Chapter 5 opens in a financial literacy class at a local service agency helping people learn the basics of balancing budgets to make ends meet. “My son breaks his toy, and he expects me to buy him another one,” shares one woman in the class. “I’m like, ‘I ain’t got no money.’ He says, ‘Yeah, I’ve seen some money.’ ‘Well, that money was here, but now it’s gone.’” The room erupts in laughter, with participants recognizing a similar experience of income that disappears all too quickly. The stories that follow depict the challenges people face in day to day living with the help of public assistance.
Throughout these chapters, there are hundreds of stories from other aid recipients, all unique, but with all-too-familiar challenges. Major illness or injury, domestic abuse, loss of job, or one bad choice can be the difference between self-sufficiency and the need for government assistance. Lack of quality education, affordable childcare, professional growth opportunities and access to jobs that pay a living wage exacerbate these challenges. Systemic inequalities including formal and informal policies that disadvantage the poor and people of color often underlie these more proximate causes.
There are two other places I would direct the reader flipping through this book in a bookstore.

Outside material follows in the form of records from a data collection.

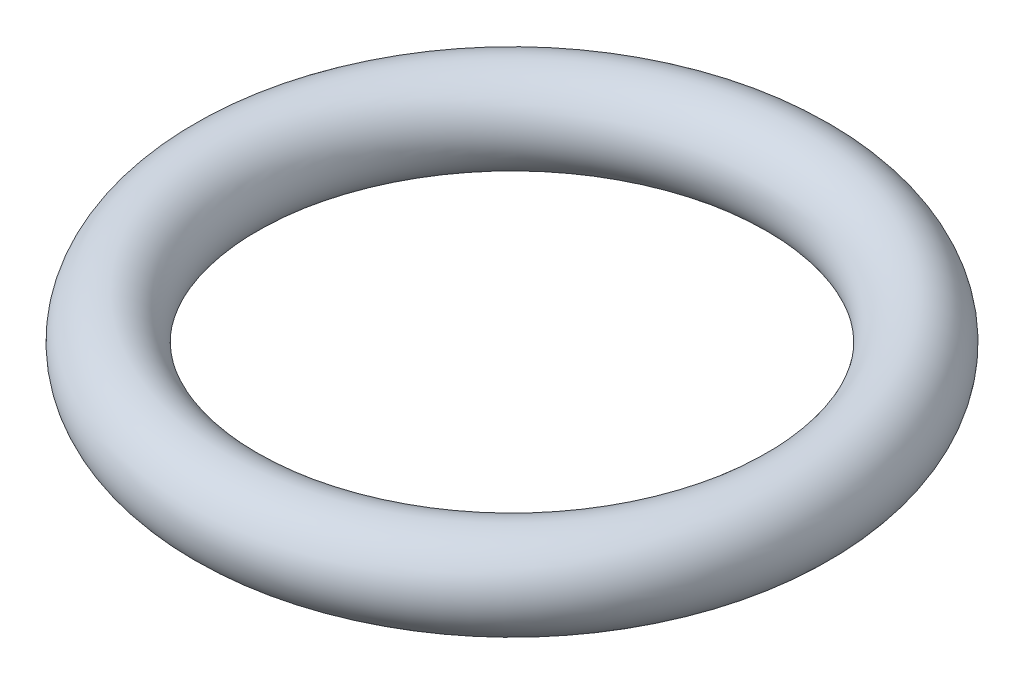
ISO-10303-21;
HEADER;
FILE_DESCRIPTION(('STEP AP214'),'2;1');
FILE_NAME('part.step','',(''),(''),'','','');
FILE_SCHEMA(('AUTOMOTIVE_DESIGN { 1 0 10303 214 1 1 1 1 }'));
ENDSEC;
DATA;
#1=APPLICATION_CONTEXT('core data for automotive mechanical design processes');
#2=APPLICATION_PROTOCOL_DEFINITION('international standard','automotive_design',2000,#1);
#3=PRODUCT_CONTEXT('',#1,'mechanical');
#4=PRODUCT('Part','Part','',(#3));
#5=PRODUCT_RELATED_PRODUCT_CATEGORY('part','',(#4));
#6=PRODUCT_DEFINITION_FORMATION('','',#4);
#7=PRODUCT_DEFINITION_CONTEXT('part definition',#1,'design');
#8=PRODUCT_DEFINITION('design','',#6,#7);
#9=PRODUCT_DEFINITION_SHAPE('','',#8);
#10=(LENGTH_UNIT() NAMED_UNIT(*) SI_UNIT(.MILLI.,.METRE.));
#11=(NAMED_UNIT(*) PLANE_ANGLE_UNIT() SI_UNIT($,.RADIAN.));
#12=(NAMED_UNIT(*) SI_UNIT($,.STERADIAN.) SOLID_ANGLE_UNIT());
#13=UNCERTAINTY_MEASURE_WITH_UNIT(LENGTH_MEASURE(1.E-05),#10,'distance_accuracy_value','');
#14=(GEOMETRIC_REPRESENTATION_CONTEXT(3) GLOBAL_UNCERTAINTY_ASSIGNED_CONTEXT((#13)) GLOBAL_UNIT_ASSIGNED_CONTEXT((#10,
#11,#12)) REPRESENTATION_CONTEXT('',''));
#15=CARTESIAN_POINT('',(0.,0.,0.));
#16=DIRECTION('',(0.,0.,1.));
#17=DIRECTION('',(1.,0.,0.));
#18=AXIS2_PLACEMENT_3D('',#15,#16,#17);
#19=CARTESIAN_POINT('',(0.,0.,0.));
#20=DIRECTION('',(0.,-1.,0.));
#21=DIRECTION('',(0.,0.,-1.));
#22=AXIS2_PLACEMENT_3D('',#19,#20,#21);
#23=TOROIDAL_SURFACE('',#22,13.,2.);
#24=CARTESIAN_POINT('',(0.,0.,-15.));
#25=VERTEX_POINT('',#24);
#26=VERTEX_LOOP('',#25);
#27=FACE_BOUND('',#26,.T.);
#28=ADVANCED_FACE('F29',(#27),#23,.T.);
#29=CLOSED_SHELL('',(#28));
#30=MANIFOLD_SOLID_BREP('B2',#29);
#31=ADVANCED_BREP_SHAPE_REPRESENTATION('',(#18,#30),#14);
#32=SHAPE_DEFINITION_REPRESENTATION(#9,#31);
ENDSEC;
END-ISO-10303-21;

The first is page 65 where they can find a graphic that compares the myth of the American Dream with the legend of the “Welfare Queen.” The image makes it clear that the welfare queen story has been constructed as the antithesis of the American Dream, ensuring that the welfare system and its recipients will be remembered, and reviled, as subverting the foundational values upon which this country was founded. The second is page 294, which offers readers strategies for how to tell more accurate stories about welfare to counter the unfair stereotypes that have gripped public consciousness in this country.